Range Update Operation

  1. Lazy Propagation: Directly updating each leaf node is inefficient (O(n)). Introduce lazy tags (Lazy Tags):
    • When updating interval [L, R], if the current node's interval is completely within [L, R], update the node's value and set a lazy tag (indicating that child nodes need to be updated later).
    • During querying or updating, if the current node has a lazy tag, first push the tag down to its child nodes (update child node values and tags), then clear the current tag.
  2. Update Steps:
    • Check the overlap between the current node's interval and the update interval (similar to querying).
    • If completely within, update the node's value and set a lazy tag.
    • If partially overlapping, first push down the lazy tag (if needed), then recursively update the left and right subtrees, and finally update the current node's value (based on the new values of child nodes).
  3. Example: Add 2 to each element in interval [1,3]:
    • Root node [0,5] partially overlaps, push down tag (no operation), recursively update left and right subtrees.
    • Left subtree [0,2]: Partially overlaps. After recursion, update its right subtree [1,2] (completely within), increase node value by (2+2)*2=8 (interval length 2, each element increased by 2), and set a lazy tag.
    • Right subtree [3,5]: Partially overlaps. Recursively update its left subtree [3,3] (completely within), increase node value by 2, and set a tag.
    • Backtrack to update the root node value.
  4. Time Complexity: With lazy propagation, update operations are also optimized to O(log n).

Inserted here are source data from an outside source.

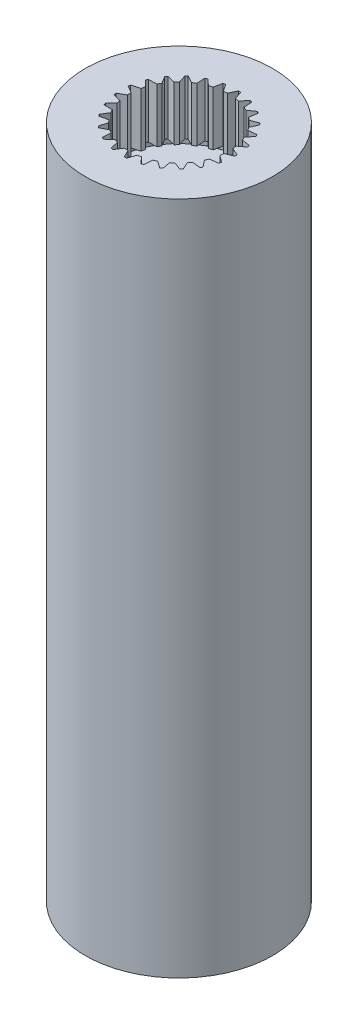
from build123d import *

# Parameters (mm, degrees)
SKETCH1_W          = 5
SKETCH1_H          = 36
SKETCH2_R          = 3.43154
CUT_EXTRUDE1_DEPTH = 0.5
SKETCH3_R          = 3.5
CUT_EXTRUDE2_DEPTH = 31.5
CUT_EXTRUDE3_REACH = 34.284
SKETCH4_R          = 1.5
CUT_EXTRUDE4_REACH = 38.688


with BuildPart() as part:
    # Sketch1 → Revolve1 (revolve)
    with BuildSketch(Plane.XY, mode=Mode.PRIVATE) as revolve1_sk:
        with Locations((2.5, 16.5)):
            Rectangle(SKETCH1_W, SKETCH1_H)
    revolve(revolve1_sk.sketch.rotate(Axis((0, 34.5, 0), (0, -1, 0)), 270), axis=Axis((0, 34.5, 0), (0, -1, 0)))

    # Sketch2 → Cut-Extrude1 (cut)
    with BuildSketch(Plane(origin=(0, 31.6, 0), x_dir=(1, 0, 0), z_dir=(0, 1, 0))):
        with Locations(Location((0, 0, 0), (0, 0, 90))):
            Circle(SKETCH2_R)
    extrude(amount=-CUT_EXTRUDE1_DEPTH, mode=Mode.SUBTRACT)

    # Sketch3 → Cut-Extrude2 (cut)
    with BuildSketch(Plane.XZ.offset(1.5)):
        with Locations(Location((0, 0, 0), (0, 0, 90))):
            Circle(SKETCH3_R)
    extrude(amount=-CUT_EXTRUDE2_DEPTH, mode=Mode.SUBTRACT)

    # Sketch4 → Cut-Extrude3 (cut, up to next)
    with BuildSketch(Plane.XZ.offset(-30), mode=Mode.PRIVATE) as cut_extrude3_sk1:
        with Locations(Location((0, 0, 0), (0, 0, 270))):
            Circle(SKETCH4_R)
    cut_extrude3_tool1 = extrude(cut_extrude3_sk1.sketch, amount=-CUT_EXTRUDE3_REACH, mode=Mode.PRIVATE) & part.part
    add(cut_extrude3_tool1.solids().sort_by_distance((0, 30, 0))[0], mode=Mode.SUBTRACT)

    # Sketch5 → Cut-Extrude4 (cut, up to next)
    with BuildSketch(Plane(origin=(0, 34.5, 0), x_dir=(-1, 0, 0), z_dir=(0, 1, 0)), mode=Mode.PRIVATE) as cut_extrude4_sk1:
        with BuildLine():
            Line((2.430309722, 1.842849602), (1.999275165, 1.739367361))
            ThreePointArc((1.999275165, 1.739367361), (1.931766863, 1.814049831), (1.861470643, 1.886114272))
            Line((1.861470643, 1.886114272), (1.991813569, 2.309800577))
            ThreePointArc((1.991813569, 2.309800577), (1.944143169, 2.35006539), (1.895659013, 2.389346544))
            Line((1.895659013, 2.389346544), (1.503901187, 2.181921452))
            ThreePointArc((1.503901187, 2.181921452), (1.419941007, 2.237469003), (1.333931574, 2.289787448))
            Line((1.333931574, 2.289787448), (1.354813039, 2.732577836))
            ThreePointArc((1.354813039, 2.732577836), (1.298626839, 2.75972251), (1.241897077, 2.785712054))
            Line((1.241897077, 2.785712054), (0.914031566, 2.487377393))
            ThreePointArc((0.914031566, 2.487377393), (0.818895035, 2.520299768), (0.722576679, 2.549584857))
            Line((0.722576679, 2.549584857), (0.632684622, 2.98365718))
            ThreePointArc((0.632684622, 2.98365718), (0.571513009, 2.995976115), (0.51010218, 3.007041032))
            Line((0.51010218, 3.007041032), (0.26672998, 2.636542265))
            ThreePointArc((0.26672998, 2.636542265), (0.166394877, 2.64477083), (0.065819633, 2.649182473))
            Line((0.065819633, 2.649182473), (-0.129197696, 3.047262371))
            ThreePointArc((-0.129197696, 3.047262371), (-0.191511085, 3.043981522), (-0.253744312, 3.039426562))
            Line((-0.253744312, 3.039426562), (-0.397331231, 2.620043491))
            ThreePointArc((-0.397331231, 2.620043491), (-0.496560484, 2.603061214), (-0.595073102, 2.582322211))
            Line((-0.595073102, 2.582322211), (-0.882962048, 2.919396859))
            ThreePointArc((-0.882962048, 2.919396859), (-0.942501833, 2.900722375), (-1.001647117, 2.880833743))
            Line((-1.001647117, 2.880833743), (-1.03642666, 2.438917747))
            ThreePointArc((-1.03642666, 2.438917747), (-1.128315123, 2.397791689), (-1.218575206, 2.353205148))
            Line((-1.218575206, 2.353205148), (-1.581246647, 2.608094906))
            ThreePointArc((-1.581246647, 2.608094906), (-1.634271725, 2.575200173), (-1.686612749, 2.541227545))
            Line((-1.686612749, 2.541227545), (-1.61039959, 2.104545832))
            ThreePointArc((-1.61039959, 2.104545832), (-1.689173573, 2.041860093), (-1.765509747, 1.976227551))
            Line((-1.765509747, 1.976227551), (-2.180175704, 2.132916759))
            ThreePointArc((-2.180175704, 2.132916759), (-2.223354314, 2.087868673), (-2.2656023, 2.041946674))
            Line((-2.2656023, 2.041946674), (-2.083185191, 1.637937563))
            ThreePointArc((-2.083185191, 1.637937563), (-2.143895035, 1.557630919), (-2.201510819, 1.475076308))
            Line((-2.201510819, 1.475076308), (-2.642116303, 1.523719607))
            ThreePointArc((-2.642116303, 1.523719607), (-2.672735374, 1.469348706), (-2.702235725, 1.414362784))
            Line((-2.702235725, 1.414362784), (-2.425076605, 1.068411652))
            ThreePointArc((-2.425076605, 1.068411652), (-2.463907688, 0.975530065), (-2.499182869, 0.881240596))
            Line((-2.499182869, 0.881240596), (-2.938043018, 0.818781548))
            ThreePointArc((-2.938043018, 0.818781548), (-2.954178641, 0.758504156), (-2.969077742, 0.697909279))
            Line((-2.969077742, 0.697909279), (-2.614591538, 0.431753508))
            ThreePointArc((-2.614591538, 0.431753508), (-2.629103958, 0.332133069), (-2.639822068, 0.232033297))
            Line((-2.639822068, 0.232033297), (-3.049361685, 0.062396433))
            ThreePointArc((-3.049361685, 0.062396433), (-3.05, 0), (-3.049361685, -0.062396433))
            Line((-3.049361685, -0.062396433), (-2.639822068, -0.232033297))
            ThreePointArc((-2.639822068, -0.232033297), (-2.629103958, -0.332133069), (-2.614591538, -0.431753508))
            Line((-2.614591538, -0.431753508), (-2.969077742, -0.697909279))
            ThreePointArc((-2.969077742, -0.697909279), (-2.954178641, -0.758504156), (-2.938043018, -0.818781548))
            Line((-2.938043018, -0.818781548), (-2.499182869, -0.881240596))
            ThreePointArc((-2.499182869, -0.881240596), (-2.463907688, -0.975530065), (-2.425076605, -1.068411652))
            Line((-2.425076605, -1.068411652), (-2.702235725, -1.414362784))
            ThreePointArc((-2.702235725, -1.414362784), (-2.672735374, -1.469348706), (-2.642116303, -1.523719607))
            Line((-2.642116303, -1.523719607), (-2.201510819, -1.475076308))
            ThreePointArc((-2.201510819, -1.475076308), (-2.143895035, -1.557630919), (-2.083185191, -1.637937563))
            Line((-2.083185191, -1.637937563), (-2.2656023, -2.041946674))
            ThreePointArc((-2.2656023, -2.041946674), (-2.223354314, -2.087868673), (-2.180175704, -2.132916759))
            Line((-2.180175704, -2.132916759), (-1.765509747, -1.976227551))
            ThreePointArc((-1.765509747, -1.976227551), (-1.689173573, -2.041860093), (-1.61039959, -2.104545832))
            Line((-1.61039959, -2.104545832), (-1.686612749, -2.541227545))
            ThreePointArc((-1.686612749, -2.541227545), (-1.634271725, -2.575200173), (-1.581246647, -2.608094906))
            Line((-1.581246647, -2.608094906), (-1.218575206, -2.353205148))
            ThreePointArc((-1.218575206, -2.353205148), (-1.128315123, -2.397791689), (-1.03642666, -2.438917747))
            Line((-1.03642666, -2.438917747), (-1.001647117, -2.880833743))
            ThreePointArc((-1.001647117, -2.880833743), (-0.942501833, -2.900722375), (-0.882962048, -2.919396859))
            Line((-0.882962048, -2.919396859), (-0.595073102, -2.582322211))
            ThreePointArc((-0.595073102, -2.582322211), (-0.496560484, -2.603061214), (-0.397331231, -2.620043491))
            Line((-0.397331231, -2.620043491), (-0.253744312, -3.039426562))
            ThreePointArc((-0.253744312, -3.039426562), (-0.191511085, -3.043981522), (-0.129197696, -3.047262371))
            Line((-0.129197696, -3.047262371), (0.065819633, -2.649182473))
            ThreePointArc((0.065819633, -2.649182473), (0.166394877, -2.64477083), (0.26672998, -2.636542265))
            Line((0.26672998, -2.636542265), (0.51010218, -3.007041032))
            ThreePointArc((0.51010218, -3.007041032), (0.571513009, -2.995976115), (0.632684622, -2.98365718))
            Line((0.632684622, -2.98365718), (0.722576679, -2.549584857))
            ThreePointArc((0.722576679, -2.549584857), (0.818895035, -2.520299768), (0.914031566, -2.487377393))
            Line((0.914031566, -2.487377393), (1.241897077, -2.785712054))
            ThreePointArc((1.241897077, -2.785712054), (1.298626839, -2.75972251), (1.354813039, -2.732577836))
            Line((1.354813039, -2.732577836), (1.333931574, -2.289787448))
            ThreePointArc((1.333931574, -2.289787448), (1.419941007, -2.237469003), (1.503901187, -2.181921452))
            Line((1.503901187, -2.181921452), (1.895659013, -2.389346544))
            ThreePointArc((1.895659013, -2.389346544), (1.944143169, -2.35006539), (1.991813569, -2.309800577))
            Line((1.991813569, -2.309800577), (1.861470643, -1.886114272))
            ThreePointArc((1.861470643, -1.886114272), (1.931766863, -1.814049831), (1.999275165, -1.739367361))
            Line((1.999275165, -1.739367361), (2.430309722, -1.842849602))
            ThreePointArc((2.430309722, -1.842849602), (2.467501833, -1.792745019), (2.503661128, -1.741890052))
            Line((2.503661128, -1.741890052), (2.272046665, -1.3639296))
            ThreePointArc((2.272046665, -1.3639296), (2.322212702, -1.276647236), (2.369027332, -1.187522421))
            Line((2.369027332, -1.187522421), (2.812255133, -1.180559643))
            ThreePointArc((2.812255133, -1.180559643), (2.835818282, -1.122779886), (2.858194451, -1.06453017))
            Line((2.858194451, -1.06453017), (2.539861639, -0.756044214))
            ThreePointArc((2.539861639, -0.756044214), (2.566745377, -0.659028201), (2.589924799, -0.561061081))
            Line((2.589924799, -0.561061081), (3.01749621, -0.444090779))
            ThreePointArc((3.01749621, -0.444090779), (3.025949839, -0.382266362), (3.033136904, -0.320281942))
            Line((3.033136904, -0.320281942), (2.648087766, -0.100653791))
            ThreePointArc((2.648087766, -0.100653791), (2.65, 0), (2.648087766, 0.100653791))
            Line((2.648087766, 0.100653791), (3.033136904, 0.320281942))
            ThreePointArc((3.033136904, 0.320281942), (3.025949839, 0.382266362), (3.01749621, 0.444090779))
            Line((3.01749621, 0.444090779), (2.589924799, 0.561061081))
            ThreePointArc((2.589924799, 0.561061081), (2.566745377, 0.659028201), (2.539861639, 0.756044214))
            Line((2.539861639, 0.756044214), (2.858194451, 1.06453017))
            ThreePointArc((2.858194451, 1.06453017), (2.835818282, 1.122779886), (2.812255133, 1.180559643))
            Line((2.812255133, 1.180559643), (2.369027332, 1.187522421))
            ThreePointArc((2.369027332, 1.187522421), (2.322212702, 1.276647236), (2.272046665, 1.3639296))
            Line((2.272046665, 1.3639296), (2.503661128, 1.741890052))
            ThreePointArc((2.503661128, 1.741890052), (2.467501833, 1.792745019), (2.430309722, 1.842849602))
        make_face()
    cut_extrude4_tool1 = extrude(cut_extrude4_sk1.sketch, amount=-CUT_EXTRUDE4_REACH, mode=Mode.PRIVATE) & part.part
    add(cut_extrude4_tool1.solids().sort_by_distance((0, 34.5, 0))[0], mode=Mode.SUBTRACT)


solid = part.part

Application Scenarios and Variants

  • Segment trees are suitable for problems like interval summation, interval maximum/minimum, interval assignment, etc.
  • Variants include: two-dimensional segment trees (for matrix handling), persistent segment trees (supporting historical version queries), etc.

Through segment trees, both range query and update operations are optimized to logarithmic time complexity, making them one of the core data structures for solving interval-based problems.